#### [Your assignment]
In the entries that follow, the line with "- moved on the sheet: J4, U1A, U1B" opens the range and the line with "H 5769 3104" closes it; repeat that range exactly, both lines included.

[Stored records]
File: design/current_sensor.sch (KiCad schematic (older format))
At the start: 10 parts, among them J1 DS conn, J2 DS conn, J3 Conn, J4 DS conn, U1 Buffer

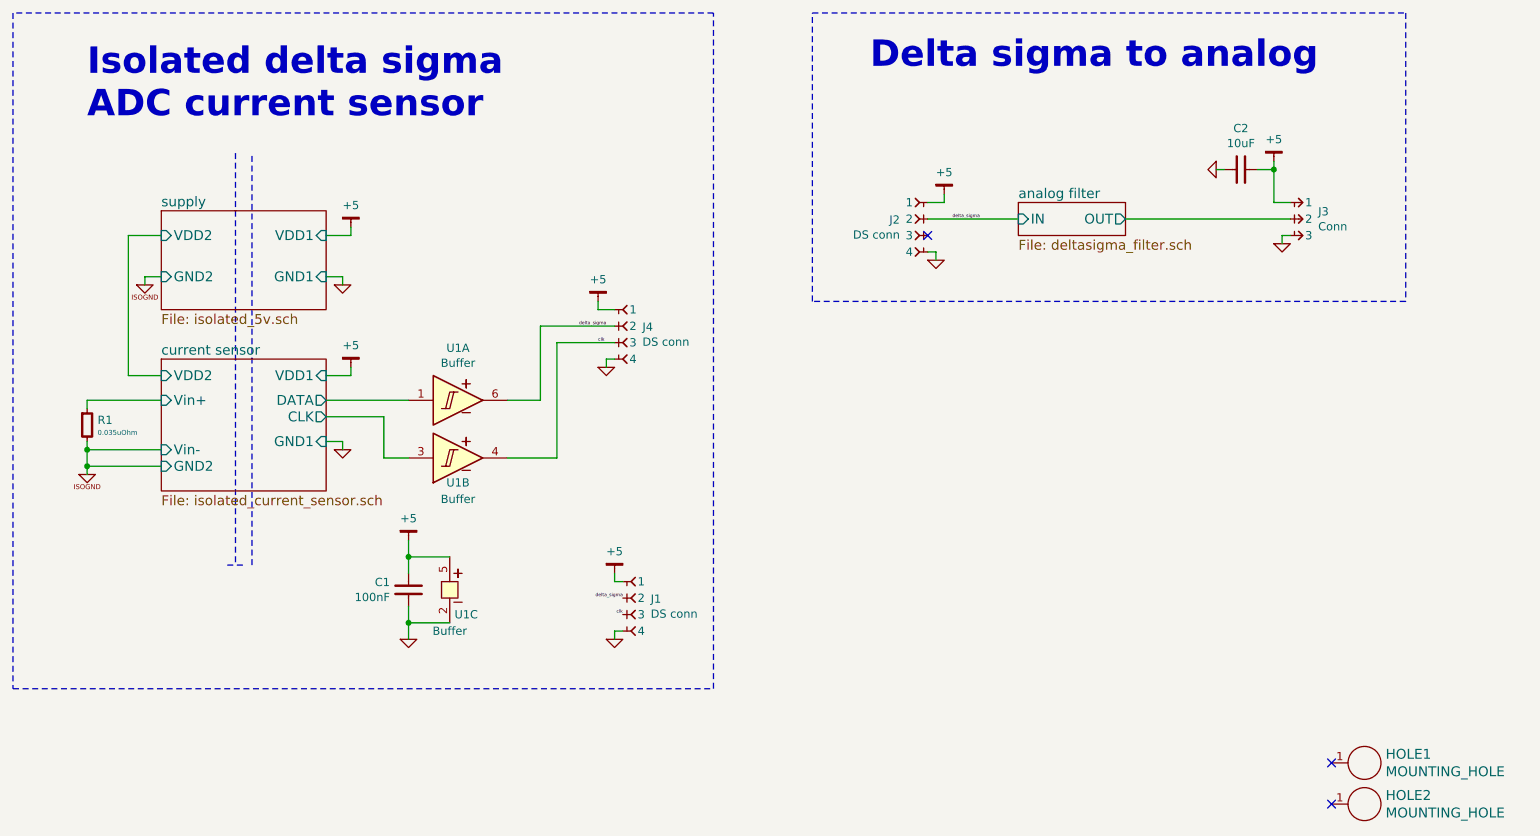
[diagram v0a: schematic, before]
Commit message: Added buffer to restore signal before opamp analog filter
Signed-off-by: Marcos Chaparro <mchaparro@paltatech.com>
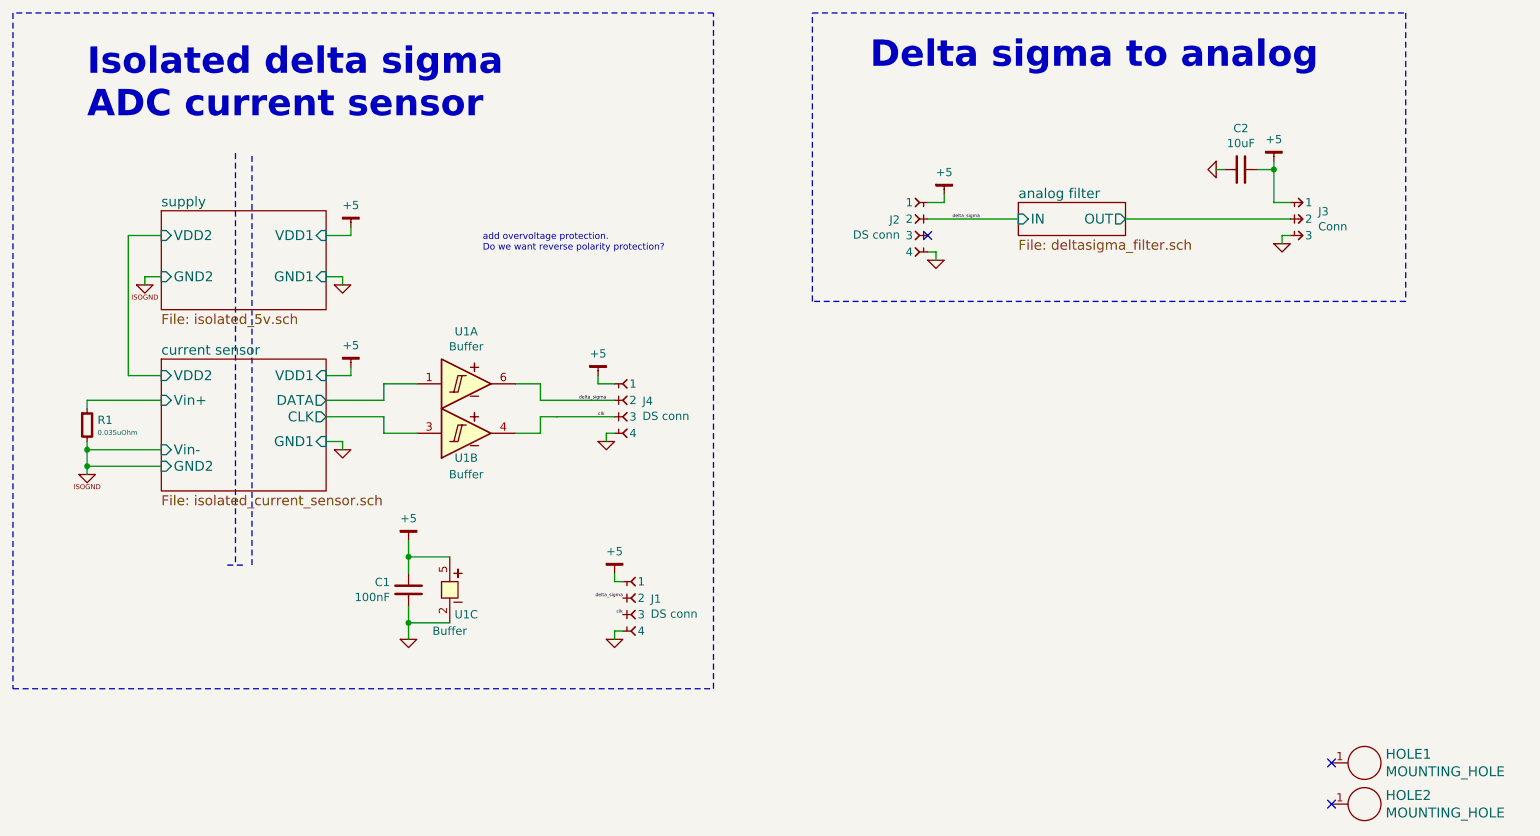
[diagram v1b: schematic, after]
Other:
- note added: "add overvoltage protection.\nDo we want reverse polarity protection?"
- moved on the sheet: J4, U1A, U1B
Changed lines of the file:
@@
 	2850 4150 2400 4150
 Wire Wire Line
-	2400 4100 2400 4300
+	2400 4100 2400 4150
+Wire Wire Line
+	2400 4150 2400 4250
+Wire Wire Line
+	2400 4250 2400 4300
 Wire Wire Line
 	2400 3850 2400 3900
@@
 L CONN-100MIL-F-1x4 J4
 U 1 1 59900007
-P 5650 3300
-F 0 "J4" H 5769 3195 50  0000 L CNN
-F 1 "DS conn" H 5769 3104 50  0000 L CNN
-F 2 "paltatech:DF13-4P-1.25H(50)" H 5650 3300 50  0001 C CNN
-F 3 "" H 5650 3300 50  0000 C CNN
-F 4 "DF13-4P-1.25H(50)" H 5650 3300 60  0001 C CNN "MPN"
-F 5 "0" H 5650 3300 60  0001 C CNN "Exclude from BOM"
-	1    5650 3300
-	1    0    0    -1
-$EndComp
-Wire Wire Line
-	5500 3300 5600 3300
+P 5650 3750
+F 0 "J4" H 5769 3645 50  0000 L CNN
+F 1 "DS conn" H 5769 3554 50  0000 L CNN
+F 2 "paltatech:DF13-4P-1.25H(50)" H 5650 3750 50  0001 C CNN
+F 3 "" H 5650 3750 50  0000 C CNN
+F 4 "DF13-4P-1.25H(50)" H 5650 3750 60  0001 C CNN "MPN"
+F 5 "0" H 5650 3750 60  0001 C CNN "Exclude from BOM"
+	1    5650 3750
+	1    0    0    -1
+$EndComp
+Wire Wire Line
+	5500 3750 5600 3750
 $Comp
 L GND #PWR01
 U 1 1 59900562
-P 5550 3650
-F 0 "#PWR01" H 5550 3650 30  0001 C CNN
-F 1 "GND" H 5550 3580 30  0001 C CNN
-F 2 "" H 5550 3650 60  0000 C CNN
-F 3 "" H 5550 3650 60  0000 C CNN
-	1    5550 3650
-	1    0    0    -1
-$EndComp
-Wire Wire Line
-	5550 3650 5550 3600
-Wire Wire Line
-	5550 3600 5600 3600
+P 5550 4100
+F 0 "#PWR01" H 5550 4100 30  0001 C CNN
+F 1 "GND" H 5550 4030 30  0001 C CNN
+F 2 "" H 5550 4100 60  0000 C CNN
+F 3 "" H 5550 4100 60  0000 C CNN
+	1    5550 4100
+	1    0    0    -1
+$EndComp
+Wire Wire Line
+	5550 4100 5550 4050
+Wire Wire Line
+	5550 4050 5600 4050
 $Comp
 L GND #PWR02
@@
 L BUF-Schmitt-Dual U1
 U 1 1 59901584
-P 4650 3850
-F 0 "U1" H 4650 4167 50  0000 C CNN
-F 1 "Buffer" H 4650 4076 50  0000 C CNN
-F 2 "smd-semi:SOT-23-6" H 4650 2850 50  0001 C CNN
-F 3 "datasheet" H 4650 2750 50  0001 C CNN
-F 4 "SN74LVC2G17DBVR" H 4750 4250 60  0001 C CNN "MPN"
-F 5 "0" H 4650 3850 60  0001 C CNN "Exclude from BOM"
-F 6 "bom" H 4650 2650 50  0001 C CNN "BOM"
-	1    4650 3850
+P 4700 3750
+F 0 "U1" H 4700 4067 50  0000 C CNN
+F 1 "Buffer" H 4700 3976 50  0000 C CNN
+F 2 "smd-semi:SOT-23-6" H 4700 2750 50  0001 C CNN
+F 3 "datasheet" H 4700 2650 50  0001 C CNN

#### [Answer box]
- moved on the sheet: J4, U1A, U1B
Changed lines of the file:
@@
 	2850 4150 2400 4150
 Wire Wire Line
-	2400 4100 2400 4300
+	2400 4100 2400 4150
+Wire Wire Line
+	2400 4150 2400 4250
+Wire Wire Line
+	2400 4250 2400 4300
 Wire Wire Line
 	2400 3850 2400 3900
@@
 L CONN-100MIL-F-1x4 J4
 U 1 1 59900007
-P 5650 3300
-F 0 "J4" H 5769 3195 50  0000 L CNN
-F 1 "DS conn" H 5769 3104 50  0000 L CNN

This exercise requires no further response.